ATLANTA – It sounds strange, saying this about a 14-time major winner who's among the greatest athletes in American history, but we're about to find out what Tiger Woods is really made of.
As he prepares to challenge for the Tour Championship and the FedExCup at East Lake Golf Club, Woods finds himself in an unfamiliar position: eclipsed on the course and under unexpected scrutiny off it. The future of golf has arrived, and the past is rearing up and reassessing him. And how he handles both the challenge on the course and the sudden new perspectives off it will say much about how the rest of his still-very-viable career will go.

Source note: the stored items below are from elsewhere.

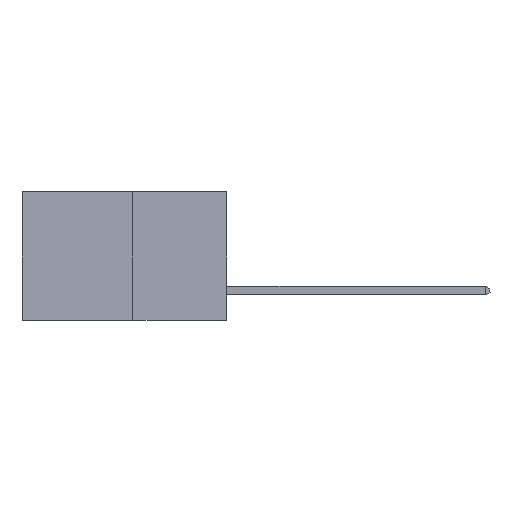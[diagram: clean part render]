
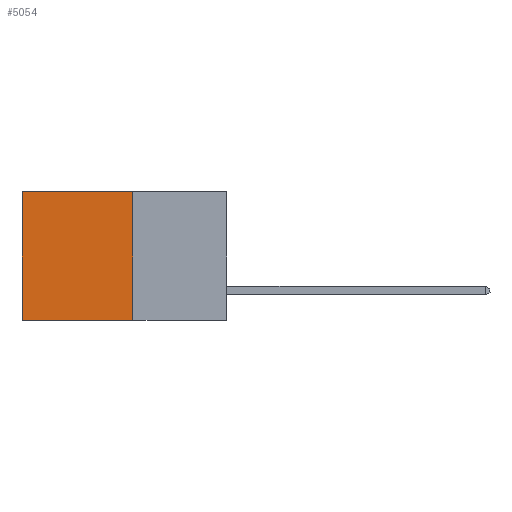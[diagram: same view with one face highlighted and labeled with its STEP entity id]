
A CAD part, left-side view. The second image highlights one B-rep face of the part: STEP entity #5054.
In plain terms, the highlighted planar face has unit normal (-1, 0, 0).
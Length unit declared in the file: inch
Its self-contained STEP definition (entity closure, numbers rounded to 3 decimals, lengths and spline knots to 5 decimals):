
#288 = EDGE_CURVE ( 'NONE', #954, #4977, #931, .T. ) ;
#653 = DIRECTION ( 'NONE',  ( 0., 0., -1. ) ) ;
#931 = LINE ( 'NONE', #13360, #9465 ) ;
#954 = VERTEX_POINT ( 'NONE', #6655 ) ;
#1896 = CARTESIAN_POINT ( 'NONE',  ( 0.277, 0.59, -0.37 ) ) ;
#1985 = EDGE_CURVE ( 'NONE', #4977, #9282, #2590, .T. ) ;
#2108 = PLANE ( 'NONE',  #14214 ) ;
#2156 = CARTESIAN_POINT ( 'NONE',  ( 0.277, 0.27, -0.37 ) ) ;
#2421 = EDGE_CURVE ( 'NONE', #13638, #9282, #9346, .T. ) ;
#2590 = LINE ( 'NONE', #12947, #5496 ) ;
#3204 = DIRECTION ( 'NONE',  ( 0., 1., 0. ) ) ;
#3767 = ORIENTED_EDGE ( 'NONE', *, *, #2421, .F. ) ;
#4955 = VECTOR ( 'NONE', #653, 39.37008 ) ;
#4977 = VERTEX_POINT ( 'NONE', #12658 ) ;
#5007 = ORIENTED_EDGE ( 'NONE', *, *, #288, .T. ) ;
#5054 = ADVANCED_FACE ( 'NONE', ( #13677 ), #2108, .F. ) ;
#5496 = VECTOR ( 'NONE', #12472, 39.37008 ) ;
#6655 = CARTESIAN_POINT ( 'NONE',  ( 0.277, 0.27, 0. ) ) ;
#7955 = ORIENTED_EDGE ( 'NONE', *, *, #1985, .T. ) ;
#9282 = VERTEX_POINT ( 'NONE', #1896 ) ;
#9346 = LINE ( 'NONE', #12526, #14922 ) ;
#9465 = VECTOR ( 'NONE', #10734, 39.37008 ) ;
#10135 = DIRECTION ( 'NONE',  ( 0., 0., -1. ) ) ;
#10734 = DIRECTION ( 'NONE',  ( 0., 1., 0. ) ) ;
#12471 = ORIENTED_EDGE ( 'NONE', *, *, #13391, .F. ) ;
#12472 = DIRECTION ( 'NONE',  ( 0., 0., -1. ) ) ;
#12526 = CARTESIAN_POINT ( 'NONE',  ( 0.277, 0.27, -0.37 ) ) ;
#12658 = CARTESIAN_POINT ( 'NONE',  ( 0.277, 0.59, 0. ) ) ;
#12947 = CARTESIAN_POINT ( 'NONE',  ( 0.277, 0.59, -0.37 ) ) ;
#12969 = DIRECTION ( 'NONE',  ( 1., 0., 0. ) ) ;
#13360 = CARTESIAN_POINT ( 'NONE',  ( 0.277, 0.27, 0. ) ) ;
#13391 = EDGE_CURVE ( 'NONE', #954, #13638, #14117, .T. ) ;
#13638 = VERTEX_POINT ( 'NONE', #14124 ) ;
#13677 = FACE_OUTER_BOUND ( 'NONE', #14204, .T. ) ;
#14117 = LINE ( 'NONE', #14731, #4955 ) ;
#14124 = CARTESIAN_POINT ( 'NONE',  ( 0.277, 0.27, -0.37 ) ) ;
#14204 = EDGE_LOOP ( 'NONE', ( #7955, #3767, #12471, #5007 ) ) ;
#14214 = AXIS2_PLACEMENT_3D ( 'NONE', #2156, #12969, #10135 ) ;
#14731 = CARTESIAN_POINT ( 'NONE',  ( 0.277, 0.27, -0.37 ) ) ;
#14922 = VECTOR ( 'NONE', #3204, 39.37008 ) ;

Most pressing, of course, is Woods' playing partner in Thursday's opening round: Rory McIlroy, who's without question the finest golfer on the planet right now. McIlroy, ranked a deserving No. 1, has won three of his last four PGA tournaments, including his second major at the PGA Championship. At the tender age of 23, he won his first two majors a few months quicker than Woods did. (Granted, Woods would have eight in his bag before his 27th birthday, but still.) It's McIlroy's game now, and while Woods remains the game's premier attraction, he's no longer its premier player.
Which is fine, of course; every player gives way to the next generation. Jack Nicklaus succeeded Arnold Palmer; Tom Watson succeeded Nicklaus; Greg Norman succeeded Watson; Woods succeeded Norman. But as Tiger begins his first steps into remember-when? status, some of the legends that preceded him are starting to take, well, let's not call them "shots," let's call them "new perspectives."
Earlier this week, Norman offered up his impressions of the now-full-flower Woods-McIlroy rivalry, and his assessment wasn't kind to Tiger. "What I'm seeing is that Tiger's really intimidated by Rory," he told Fox Sports. "When have you ever seen him intimidated by another player? Never. But I think he knows his time's up and that's normal; these things tend to go in 15-year cycles."
You can't jab an athlete with any sharper blade than one engraved "time's up," and surely Norman knows this. But on Wednesday, neither Woods nor McIlroy took the bait.
"How can I intimidate Tiger Woods?" McIlroy said. "I mean, the guy's got 75 or 70-whatever [actually 74] PGA Tour wins, 14 majors. He's been the biggest thing ever in our sport. How could some little 23-year-old from Northern Ireland with a few wins come up and intimidate him? I don't know where he got that from, but it's not true." (McIlroy is playing a wise game here; he did allow that he's never been intimidated by Woods, but more "in awe" of him.)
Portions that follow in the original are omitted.